You know what I miss most about Burning Man of old? Fire. I know, I know, you've heard all the old-timers pissing and moaning about how Burning Man has changed, and how it's so different now, and blah blah blah. This is all true, of course. Burning Man used to be about getting together in the desert, drinking beer, and blowing shit up. But it caught on so well that we now have this beautiful community of artists and free-thinkers, numbering in the thousands. Unfortunately, this large community brought a whole slew of rules and regulations along with it. Chief amongst these rules in '99 was a ban on fires in your campsite. And fires used to be a pretty important part of the Burn.

And I'm not just talking about fire as a source of warmth. Sure, last year's bite-ass freezing temperatures absolutely sucked without a central fire to huddle around. Our camp spent the nights in 1999 shivering around a tiny Coleman stove, for chrissakes. But there was a city-wide ban on campfires, and we adhered to it, even in the face if near-freezing temperatures. It's amazing how cold the back of a Ryder truck can get when you are forced to attempt sleep there. (A Ryder Truck, you ask? Yeah, we had to move into our truck after the windstorms got so severe that our tent-poles snapped. Twice. Oh, are you a newbie? Welcome to Black Rock City, the Least Friendly Place on Earth, Environmentally Speaking.)

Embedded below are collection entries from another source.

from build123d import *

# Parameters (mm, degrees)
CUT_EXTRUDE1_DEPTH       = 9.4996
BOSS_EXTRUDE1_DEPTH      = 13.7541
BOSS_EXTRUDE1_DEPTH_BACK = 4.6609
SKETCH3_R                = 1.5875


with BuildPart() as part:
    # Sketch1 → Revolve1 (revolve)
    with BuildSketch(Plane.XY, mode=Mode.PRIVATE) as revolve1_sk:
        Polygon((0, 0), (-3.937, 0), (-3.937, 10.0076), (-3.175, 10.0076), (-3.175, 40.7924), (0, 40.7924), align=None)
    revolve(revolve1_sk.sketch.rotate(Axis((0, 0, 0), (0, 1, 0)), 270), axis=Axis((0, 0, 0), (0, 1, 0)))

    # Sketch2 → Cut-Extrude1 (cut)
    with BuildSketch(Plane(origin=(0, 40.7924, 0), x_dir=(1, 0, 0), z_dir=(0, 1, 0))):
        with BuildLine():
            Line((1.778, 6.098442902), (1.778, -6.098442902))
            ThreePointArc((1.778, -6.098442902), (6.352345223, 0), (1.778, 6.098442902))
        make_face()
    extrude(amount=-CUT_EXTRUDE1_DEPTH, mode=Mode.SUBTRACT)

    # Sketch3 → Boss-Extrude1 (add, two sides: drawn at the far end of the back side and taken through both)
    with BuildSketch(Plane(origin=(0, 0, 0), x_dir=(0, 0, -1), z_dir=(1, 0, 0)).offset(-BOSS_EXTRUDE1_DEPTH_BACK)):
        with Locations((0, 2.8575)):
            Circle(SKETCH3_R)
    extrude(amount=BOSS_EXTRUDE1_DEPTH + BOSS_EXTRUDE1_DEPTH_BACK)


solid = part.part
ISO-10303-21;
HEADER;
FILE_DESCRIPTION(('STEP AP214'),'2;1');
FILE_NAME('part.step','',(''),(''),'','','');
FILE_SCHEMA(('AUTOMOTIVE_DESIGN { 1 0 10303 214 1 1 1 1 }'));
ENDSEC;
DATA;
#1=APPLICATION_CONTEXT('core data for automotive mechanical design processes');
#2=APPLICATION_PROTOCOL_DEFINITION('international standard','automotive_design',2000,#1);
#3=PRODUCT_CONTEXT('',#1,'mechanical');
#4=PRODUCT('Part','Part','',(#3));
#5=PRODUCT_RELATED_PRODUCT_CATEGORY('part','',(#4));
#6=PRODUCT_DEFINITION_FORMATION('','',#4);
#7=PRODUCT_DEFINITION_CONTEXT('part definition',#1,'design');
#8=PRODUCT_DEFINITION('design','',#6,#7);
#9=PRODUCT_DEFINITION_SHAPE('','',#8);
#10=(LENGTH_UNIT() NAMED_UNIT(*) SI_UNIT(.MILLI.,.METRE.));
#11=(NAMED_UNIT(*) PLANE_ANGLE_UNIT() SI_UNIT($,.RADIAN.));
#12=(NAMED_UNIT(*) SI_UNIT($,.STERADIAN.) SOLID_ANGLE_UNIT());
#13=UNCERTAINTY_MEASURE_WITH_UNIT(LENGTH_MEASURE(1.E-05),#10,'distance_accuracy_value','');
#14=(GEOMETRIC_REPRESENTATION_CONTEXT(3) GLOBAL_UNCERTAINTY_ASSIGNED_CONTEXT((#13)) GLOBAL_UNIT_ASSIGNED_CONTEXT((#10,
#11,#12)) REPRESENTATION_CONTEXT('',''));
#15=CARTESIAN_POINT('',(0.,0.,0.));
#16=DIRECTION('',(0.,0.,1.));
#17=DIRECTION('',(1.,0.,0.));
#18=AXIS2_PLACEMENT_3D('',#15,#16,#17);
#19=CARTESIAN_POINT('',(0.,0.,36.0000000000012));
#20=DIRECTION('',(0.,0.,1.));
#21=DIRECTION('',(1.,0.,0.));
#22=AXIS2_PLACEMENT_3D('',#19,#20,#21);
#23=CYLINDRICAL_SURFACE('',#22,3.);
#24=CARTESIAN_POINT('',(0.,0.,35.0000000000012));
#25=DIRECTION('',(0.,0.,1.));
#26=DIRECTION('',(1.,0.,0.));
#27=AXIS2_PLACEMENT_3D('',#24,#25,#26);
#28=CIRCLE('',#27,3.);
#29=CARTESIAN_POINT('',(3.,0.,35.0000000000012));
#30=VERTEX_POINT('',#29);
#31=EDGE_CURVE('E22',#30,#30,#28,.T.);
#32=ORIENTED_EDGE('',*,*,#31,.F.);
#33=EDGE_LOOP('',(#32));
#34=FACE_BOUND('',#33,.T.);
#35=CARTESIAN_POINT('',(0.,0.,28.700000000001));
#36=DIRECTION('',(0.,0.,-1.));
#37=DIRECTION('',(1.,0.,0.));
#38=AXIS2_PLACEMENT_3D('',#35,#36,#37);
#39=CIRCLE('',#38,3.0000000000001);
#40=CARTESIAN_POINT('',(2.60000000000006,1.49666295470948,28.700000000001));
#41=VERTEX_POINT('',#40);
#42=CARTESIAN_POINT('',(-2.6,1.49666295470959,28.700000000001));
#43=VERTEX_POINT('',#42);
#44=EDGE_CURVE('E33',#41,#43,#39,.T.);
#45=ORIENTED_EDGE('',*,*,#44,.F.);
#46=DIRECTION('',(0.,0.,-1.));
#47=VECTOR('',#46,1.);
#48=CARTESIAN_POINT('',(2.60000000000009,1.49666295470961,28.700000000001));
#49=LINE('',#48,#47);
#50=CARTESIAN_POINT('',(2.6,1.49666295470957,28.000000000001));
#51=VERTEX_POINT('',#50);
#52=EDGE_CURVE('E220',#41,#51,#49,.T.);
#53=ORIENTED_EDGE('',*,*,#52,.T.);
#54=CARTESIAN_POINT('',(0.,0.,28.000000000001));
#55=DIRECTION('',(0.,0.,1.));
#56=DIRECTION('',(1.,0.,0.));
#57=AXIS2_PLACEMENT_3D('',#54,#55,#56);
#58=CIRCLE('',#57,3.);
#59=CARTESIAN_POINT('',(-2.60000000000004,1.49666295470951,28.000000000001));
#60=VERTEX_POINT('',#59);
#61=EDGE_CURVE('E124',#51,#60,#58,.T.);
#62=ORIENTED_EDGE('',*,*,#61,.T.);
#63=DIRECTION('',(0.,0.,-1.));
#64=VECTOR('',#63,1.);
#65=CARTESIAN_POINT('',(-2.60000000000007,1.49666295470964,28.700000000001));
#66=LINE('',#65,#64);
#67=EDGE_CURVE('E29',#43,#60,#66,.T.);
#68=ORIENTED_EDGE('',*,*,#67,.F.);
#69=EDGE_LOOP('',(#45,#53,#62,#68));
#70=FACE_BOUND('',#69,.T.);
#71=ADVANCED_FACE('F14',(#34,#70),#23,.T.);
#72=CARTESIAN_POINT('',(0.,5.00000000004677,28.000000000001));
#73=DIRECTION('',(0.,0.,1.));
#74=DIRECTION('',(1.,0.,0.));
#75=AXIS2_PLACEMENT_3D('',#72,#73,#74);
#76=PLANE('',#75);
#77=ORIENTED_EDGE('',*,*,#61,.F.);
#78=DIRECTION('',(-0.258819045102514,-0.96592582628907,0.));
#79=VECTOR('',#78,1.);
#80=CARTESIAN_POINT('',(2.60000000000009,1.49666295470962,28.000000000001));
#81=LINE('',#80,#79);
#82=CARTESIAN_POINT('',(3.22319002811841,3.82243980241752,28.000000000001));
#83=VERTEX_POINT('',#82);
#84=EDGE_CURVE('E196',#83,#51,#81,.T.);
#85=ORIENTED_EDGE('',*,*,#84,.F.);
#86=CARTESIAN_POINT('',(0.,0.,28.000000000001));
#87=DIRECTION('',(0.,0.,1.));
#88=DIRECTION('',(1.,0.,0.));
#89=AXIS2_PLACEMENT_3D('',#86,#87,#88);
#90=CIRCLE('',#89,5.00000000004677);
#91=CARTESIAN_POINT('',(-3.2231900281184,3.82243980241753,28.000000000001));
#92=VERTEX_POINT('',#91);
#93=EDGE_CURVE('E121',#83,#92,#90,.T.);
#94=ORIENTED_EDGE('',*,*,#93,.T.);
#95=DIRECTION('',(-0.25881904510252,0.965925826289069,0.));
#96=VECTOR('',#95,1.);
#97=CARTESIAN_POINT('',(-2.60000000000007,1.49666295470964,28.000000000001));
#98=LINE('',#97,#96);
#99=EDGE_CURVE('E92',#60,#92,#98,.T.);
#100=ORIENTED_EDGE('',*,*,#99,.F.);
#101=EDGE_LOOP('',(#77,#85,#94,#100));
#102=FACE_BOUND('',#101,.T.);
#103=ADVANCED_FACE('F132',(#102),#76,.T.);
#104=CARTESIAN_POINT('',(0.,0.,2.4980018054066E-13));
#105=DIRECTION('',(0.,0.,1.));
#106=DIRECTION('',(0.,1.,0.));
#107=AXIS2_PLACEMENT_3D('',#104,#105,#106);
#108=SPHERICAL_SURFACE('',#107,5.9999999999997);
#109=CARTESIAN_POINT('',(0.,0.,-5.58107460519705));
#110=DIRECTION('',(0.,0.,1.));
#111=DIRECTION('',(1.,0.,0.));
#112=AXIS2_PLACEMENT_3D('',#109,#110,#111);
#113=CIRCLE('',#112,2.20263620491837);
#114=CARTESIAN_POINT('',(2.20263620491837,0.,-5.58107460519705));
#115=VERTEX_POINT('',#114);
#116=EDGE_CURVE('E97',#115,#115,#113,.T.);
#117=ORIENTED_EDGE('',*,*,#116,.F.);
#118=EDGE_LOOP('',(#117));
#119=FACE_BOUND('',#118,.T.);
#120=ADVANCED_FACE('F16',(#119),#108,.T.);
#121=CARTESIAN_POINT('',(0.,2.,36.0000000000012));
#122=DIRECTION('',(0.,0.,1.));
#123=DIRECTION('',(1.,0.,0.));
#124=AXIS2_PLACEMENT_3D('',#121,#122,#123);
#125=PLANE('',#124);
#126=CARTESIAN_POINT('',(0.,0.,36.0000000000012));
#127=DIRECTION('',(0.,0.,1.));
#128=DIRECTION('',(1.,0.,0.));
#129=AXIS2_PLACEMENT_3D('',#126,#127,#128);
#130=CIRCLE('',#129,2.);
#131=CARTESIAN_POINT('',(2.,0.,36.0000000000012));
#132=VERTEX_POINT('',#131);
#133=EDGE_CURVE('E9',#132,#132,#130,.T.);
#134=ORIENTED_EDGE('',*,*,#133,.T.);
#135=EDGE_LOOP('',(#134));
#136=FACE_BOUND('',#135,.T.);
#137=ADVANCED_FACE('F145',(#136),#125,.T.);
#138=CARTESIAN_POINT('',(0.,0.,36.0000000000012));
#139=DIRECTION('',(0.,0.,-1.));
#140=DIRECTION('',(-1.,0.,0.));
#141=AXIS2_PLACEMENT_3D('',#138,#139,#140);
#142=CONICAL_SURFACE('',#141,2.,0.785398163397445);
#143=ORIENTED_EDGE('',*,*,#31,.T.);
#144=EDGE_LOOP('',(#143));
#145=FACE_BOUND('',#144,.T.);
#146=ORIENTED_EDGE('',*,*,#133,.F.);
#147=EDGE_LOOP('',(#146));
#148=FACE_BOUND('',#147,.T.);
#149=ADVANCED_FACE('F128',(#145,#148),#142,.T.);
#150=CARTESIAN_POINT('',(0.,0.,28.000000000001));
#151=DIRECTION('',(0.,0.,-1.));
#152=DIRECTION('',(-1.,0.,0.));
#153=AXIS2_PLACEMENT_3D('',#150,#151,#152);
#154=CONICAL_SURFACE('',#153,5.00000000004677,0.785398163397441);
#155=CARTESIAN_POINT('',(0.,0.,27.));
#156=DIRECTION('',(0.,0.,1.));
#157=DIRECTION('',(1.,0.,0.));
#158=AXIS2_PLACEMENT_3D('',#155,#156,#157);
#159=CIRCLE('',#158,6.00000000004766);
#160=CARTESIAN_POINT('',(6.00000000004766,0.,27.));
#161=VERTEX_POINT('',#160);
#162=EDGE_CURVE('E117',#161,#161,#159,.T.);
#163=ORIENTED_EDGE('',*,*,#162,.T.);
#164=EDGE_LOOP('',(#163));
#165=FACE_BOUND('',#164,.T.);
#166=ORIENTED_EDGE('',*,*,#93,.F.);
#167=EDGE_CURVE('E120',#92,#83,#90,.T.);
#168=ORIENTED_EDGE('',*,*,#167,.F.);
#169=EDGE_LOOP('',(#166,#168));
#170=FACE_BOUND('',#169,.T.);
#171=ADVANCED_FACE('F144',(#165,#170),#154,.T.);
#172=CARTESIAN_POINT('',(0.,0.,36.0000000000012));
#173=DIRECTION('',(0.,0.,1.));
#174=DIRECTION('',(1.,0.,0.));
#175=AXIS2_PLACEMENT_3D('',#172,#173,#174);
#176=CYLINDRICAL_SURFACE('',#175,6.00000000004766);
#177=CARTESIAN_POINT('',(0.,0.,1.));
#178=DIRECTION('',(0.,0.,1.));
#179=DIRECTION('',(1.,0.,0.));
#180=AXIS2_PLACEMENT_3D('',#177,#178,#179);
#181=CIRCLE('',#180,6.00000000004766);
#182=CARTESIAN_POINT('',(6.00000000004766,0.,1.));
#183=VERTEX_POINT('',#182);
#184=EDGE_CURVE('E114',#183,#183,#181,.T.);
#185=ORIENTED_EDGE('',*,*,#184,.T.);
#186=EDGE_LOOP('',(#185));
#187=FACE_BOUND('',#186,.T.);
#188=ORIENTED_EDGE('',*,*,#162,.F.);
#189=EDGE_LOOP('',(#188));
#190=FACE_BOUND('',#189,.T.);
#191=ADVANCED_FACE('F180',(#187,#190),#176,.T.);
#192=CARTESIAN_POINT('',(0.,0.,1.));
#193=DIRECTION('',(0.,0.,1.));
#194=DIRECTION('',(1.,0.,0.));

But I'm really talking about fire as a nexus for that "community" vibe that Burning Man is supposed to engender. Before we had the DPW and roads and blocks and streets and all that cool organization, Black Rock City was just sort of thrown together organically, with people camping wherever the hell they felt like camping. (This worked pretty well with 5,000 people. But it's really hard to find your friends' theme camp in a crowd of 28,000, so the roads are a welcome change.) At night, one used wander from campfire to campfire, with the warmth of the flames and the warmth of the people drawing you in. You'd amble up to a fire, and join into conversation with your fellow participants. Campfires served the very real community-building purpose of helping you meet your neighbors. I wandered up to Spiral Camp's vast central fire in 1994, and spent the rest of the evening hanging out with my new friends. It's not the same feeling to wander up to somebody's strobe-light. In fact, without campfires, I tend to not wander into strange camps at night at all.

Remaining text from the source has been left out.